Pagi bergulir dengan cepat, siang datang dan tak terasa kegiatan turun tebing berakhir dengan lengkapnya kami semua sudah merasakan tantangan yang sebenarnya dari tebing dan ketinggian, dari bagaimana berdamai dengan rasa takut, dari bagaimana percaya dengan alat peralatan yang kami pakai dan bertambahnya pengalaman kami tentang alam dan kehidupan. 

 

Seperti biasa, sebelum semua kegiatan berakhir, kami melaksanakan evaluasi dengan upacara melingkar.  Dari hasil evaluasi, kami mendapatkan hukuman.  Semua push-up di tanah becek. Tangan penuh lumpur, seragam kotor, tapi wajah-wajah tetap tersenyum. Rasanya aneh, dihukum tapi bahagia. Mungkin karena kami tahu, itu bukan sekadar hukuman - itu cara kami ditempa. Aku jadi paham, kadang kebersamaan dalam susah payah justru lebih indah daripada kebersamaan dalam senang.

 

Hukuman push-up di tanah becek menjadi penutup yang justru manis. Kami semua jatuh bangun bersama, menertawakan kelelahan bersama. Disiplin ternyata bukan cambuk yang menyakitkan, melainkan cermin kasih sayang yang keras. Itu cara alam, melalui tangan para senior - mengajarkan kami untuk menjadi lebih siap menghadapi dunia.

 

Sorenya, kami kembali ke truk. Tubuh lelah, kaki lecet, tapi hati penuh semangat. Sepanjang perjalanan pulang, ada yang tertidur pulas, ada yang masih bercanda, ada juga yang diam sambil menatap langit. Aku sendiri hanya bisa tersenyum dalam hati, merasa bangga sudah melewati semua ini.

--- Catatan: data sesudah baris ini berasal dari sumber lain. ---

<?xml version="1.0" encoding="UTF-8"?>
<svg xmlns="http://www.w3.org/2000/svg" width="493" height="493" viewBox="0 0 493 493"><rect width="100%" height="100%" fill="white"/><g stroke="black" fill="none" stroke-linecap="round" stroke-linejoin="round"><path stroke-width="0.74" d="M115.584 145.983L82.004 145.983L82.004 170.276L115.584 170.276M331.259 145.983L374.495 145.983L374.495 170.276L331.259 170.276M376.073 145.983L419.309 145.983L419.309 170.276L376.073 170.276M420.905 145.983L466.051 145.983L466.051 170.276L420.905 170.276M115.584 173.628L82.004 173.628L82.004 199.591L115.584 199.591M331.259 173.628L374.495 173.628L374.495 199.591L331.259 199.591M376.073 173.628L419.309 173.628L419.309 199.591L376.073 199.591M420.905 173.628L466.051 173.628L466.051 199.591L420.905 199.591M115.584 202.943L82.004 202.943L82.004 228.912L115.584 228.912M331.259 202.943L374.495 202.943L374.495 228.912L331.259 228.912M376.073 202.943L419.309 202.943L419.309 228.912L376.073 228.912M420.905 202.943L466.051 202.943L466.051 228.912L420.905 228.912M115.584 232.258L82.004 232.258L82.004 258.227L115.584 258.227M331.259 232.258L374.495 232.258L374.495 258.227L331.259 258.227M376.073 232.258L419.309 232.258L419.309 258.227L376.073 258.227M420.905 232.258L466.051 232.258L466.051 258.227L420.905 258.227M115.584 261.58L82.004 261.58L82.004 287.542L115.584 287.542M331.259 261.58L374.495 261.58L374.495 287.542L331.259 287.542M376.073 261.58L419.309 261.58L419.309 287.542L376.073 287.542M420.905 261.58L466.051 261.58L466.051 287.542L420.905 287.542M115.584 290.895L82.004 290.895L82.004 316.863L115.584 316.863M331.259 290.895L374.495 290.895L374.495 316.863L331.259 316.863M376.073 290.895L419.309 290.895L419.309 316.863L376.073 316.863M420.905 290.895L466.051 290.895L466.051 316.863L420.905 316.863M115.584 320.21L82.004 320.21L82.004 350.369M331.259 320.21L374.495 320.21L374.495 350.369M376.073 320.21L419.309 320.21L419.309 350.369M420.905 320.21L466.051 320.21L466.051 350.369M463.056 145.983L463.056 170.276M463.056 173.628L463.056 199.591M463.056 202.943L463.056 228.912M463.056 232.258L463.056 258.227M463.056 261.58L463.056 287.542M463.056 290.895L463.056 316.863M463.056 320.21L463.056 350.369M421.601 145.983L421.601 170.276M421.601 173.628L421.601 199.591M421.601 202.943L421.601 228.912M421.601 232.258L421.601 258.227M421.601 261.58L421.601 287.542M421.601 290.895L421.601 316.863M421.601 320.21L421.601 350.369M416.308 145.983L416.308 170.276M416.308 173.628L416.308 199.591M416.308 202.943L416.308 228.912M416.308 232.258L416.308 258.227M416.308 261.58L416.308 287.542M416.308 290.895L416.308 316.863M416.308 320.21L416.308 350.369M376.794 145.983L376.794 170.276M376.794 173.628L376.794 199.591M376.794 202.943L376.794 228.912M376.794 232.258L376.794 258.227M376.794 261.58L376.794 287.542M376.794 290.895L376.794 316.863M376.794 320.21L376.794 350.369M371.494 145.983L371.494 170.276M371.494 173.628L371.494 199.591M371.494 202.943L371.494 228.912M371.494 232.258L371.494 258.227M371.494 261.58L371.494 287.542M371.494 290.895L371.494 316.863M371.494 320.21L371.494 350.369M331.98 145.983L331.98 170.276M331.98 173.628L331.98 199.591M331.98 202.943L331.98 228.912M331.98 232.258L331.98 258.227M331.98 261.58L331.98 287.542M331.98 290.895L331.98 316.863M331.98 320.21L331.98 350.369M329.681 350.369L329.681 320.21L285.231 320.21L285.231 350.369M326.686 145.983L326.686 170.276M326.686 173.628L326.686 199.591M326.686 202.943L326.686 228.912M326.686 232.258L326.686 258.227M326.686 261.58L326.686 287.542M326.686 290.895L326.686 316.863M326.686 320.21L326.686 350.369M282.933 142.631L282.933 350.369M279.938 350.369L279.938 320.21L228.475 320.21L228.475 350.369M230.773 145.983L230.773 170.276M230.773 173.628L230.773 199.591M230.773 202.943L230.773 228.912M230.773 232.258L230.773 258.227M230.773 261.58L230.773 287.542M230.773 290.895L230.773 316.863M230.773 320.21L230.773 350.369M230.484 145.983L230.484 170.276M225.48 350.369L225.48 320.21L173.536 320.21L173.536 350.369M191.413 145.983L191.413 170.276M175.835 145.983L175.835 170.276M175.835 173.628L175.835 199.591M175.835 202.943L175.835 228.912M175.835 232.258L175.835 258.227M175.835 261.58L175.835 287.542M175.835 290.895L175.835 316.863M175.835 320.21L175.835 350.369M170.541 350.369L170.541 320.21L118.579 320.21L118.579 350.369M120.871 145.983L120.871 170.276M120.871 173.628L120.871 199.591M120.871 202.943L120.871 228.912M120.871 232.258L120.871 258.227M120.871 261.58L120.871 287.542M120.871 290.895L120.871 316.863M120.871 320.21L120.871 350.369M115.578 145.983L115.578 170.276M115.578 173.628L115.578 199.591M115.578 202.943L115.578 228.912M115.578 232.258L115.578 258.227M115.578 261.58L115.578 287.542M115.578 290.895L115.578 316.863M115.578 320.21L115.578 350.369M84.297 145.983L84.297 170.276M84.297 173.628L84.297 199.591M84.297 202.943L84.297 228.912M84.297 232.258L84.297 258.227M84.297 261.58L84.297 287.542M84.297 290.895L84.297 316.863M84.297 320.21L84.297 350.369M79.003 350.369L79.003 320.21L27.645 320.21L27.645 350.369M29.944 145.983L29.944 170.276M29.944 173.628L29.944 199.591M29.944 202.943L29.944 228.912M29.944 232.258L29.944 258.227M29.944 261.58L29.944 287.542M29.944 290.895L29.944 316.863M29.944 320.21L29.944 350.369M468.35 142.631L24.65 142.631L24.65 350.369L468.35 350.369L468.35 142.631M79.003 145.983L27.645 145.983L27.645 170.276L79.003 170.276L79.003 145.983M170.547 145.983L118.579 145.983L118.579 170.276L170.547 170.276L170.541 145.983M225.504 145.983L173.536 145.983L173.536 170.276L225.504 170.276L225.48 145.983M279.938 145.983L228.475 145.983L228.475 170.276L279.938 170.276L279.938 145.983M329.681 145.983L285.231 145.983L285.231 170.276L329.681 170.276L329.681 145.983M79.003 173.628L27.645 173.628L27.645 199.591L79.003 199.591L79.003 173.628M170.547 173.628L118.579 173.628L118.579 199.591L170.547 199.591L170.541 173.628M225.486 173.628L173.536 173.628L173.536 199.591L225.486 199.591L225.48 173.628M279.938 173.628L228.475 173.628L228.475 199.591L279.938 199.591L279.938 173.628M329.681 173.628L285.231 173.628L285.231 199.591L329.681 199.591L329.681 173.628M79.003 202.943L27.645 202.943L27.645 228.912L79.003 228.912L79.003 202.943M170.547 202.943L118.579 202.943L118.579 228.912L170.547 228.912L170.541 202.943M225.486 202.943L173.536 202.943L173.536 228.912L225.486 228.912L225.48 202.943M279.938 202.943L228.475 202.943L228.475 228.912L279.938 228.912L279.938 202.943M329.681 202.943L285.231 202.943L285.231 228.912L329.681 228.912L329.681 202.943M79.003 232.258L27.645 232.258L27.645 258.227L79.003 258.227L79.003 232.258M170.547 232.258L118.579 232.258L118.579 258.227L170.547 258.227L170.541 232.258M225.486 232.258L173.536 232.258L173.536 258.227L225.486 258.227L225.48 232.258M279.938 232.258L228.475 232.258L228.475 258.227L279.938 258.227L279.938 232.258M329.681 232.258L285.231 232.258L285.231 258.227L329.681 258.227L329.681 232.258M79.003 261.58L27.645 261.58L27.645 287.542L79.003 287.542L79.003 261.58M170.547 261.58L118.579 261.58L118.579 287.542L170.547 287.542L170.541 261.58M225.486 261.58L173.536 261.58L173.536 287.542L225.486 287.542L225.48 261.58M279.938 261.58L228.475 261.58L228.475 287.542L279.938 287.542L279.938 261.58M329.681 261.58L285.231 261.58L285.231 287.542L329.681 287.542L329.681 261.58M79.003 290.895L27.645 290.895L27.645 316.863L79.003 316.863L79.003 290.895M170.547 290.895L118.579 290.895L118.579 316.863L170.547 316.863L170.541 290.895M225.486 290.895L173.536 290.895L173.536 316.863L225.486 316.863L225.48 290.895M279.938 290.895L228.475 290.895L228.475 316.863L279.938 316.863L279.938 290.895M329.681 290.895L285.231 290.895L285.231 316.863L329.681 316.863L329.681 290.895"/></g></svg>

Dan ketika menjelang malam kami kembali ke SMA 3 Jakarta, aku berdiri sejenak menatap halaman gelap itu. Ada sesuatu yang berbeda di dalam diriku. Aku bukan lagi anak yang sama seperti sebelum berangkat. Kami berpisah satu per satu, pulang ke rumah masing-masing. Aku pulang dengan tubuh yang lelah, kaki yang lecet, tapi jiwa yang tumbuh. Ada satu moment yang kuingat, sesaat sebelum meninggalkan halaman Sekolah, aku menoleh sebentar ke gedung sekolah yang gelap, dan berkata dalam hati: “Ini baru permulaan.”

 

Kini, setelah waktu berjalan begitu jauh, aku mengerti makna semua itu. Geladi Medan I bukanlah sekadar kegiatan outdoor. Ia adalah perjalanan batin. Ia mengajariku arti kesabaran, kebersamaan, keberanian, disiplin, dan rasa syukur. Ia membentuk sebagian dari siapa aku hari ini.

 

Dan setiap kali aku membuka foto lama, atau menyebut nama Sabhawana, suara itu kembali terdengar di telingaku: teriakan lantang di halaman SMA 3 Jakarta, nyanyian sumbang di tengah malam, tawa di sekitar api dan bisikan hati yang tak pernah pudar.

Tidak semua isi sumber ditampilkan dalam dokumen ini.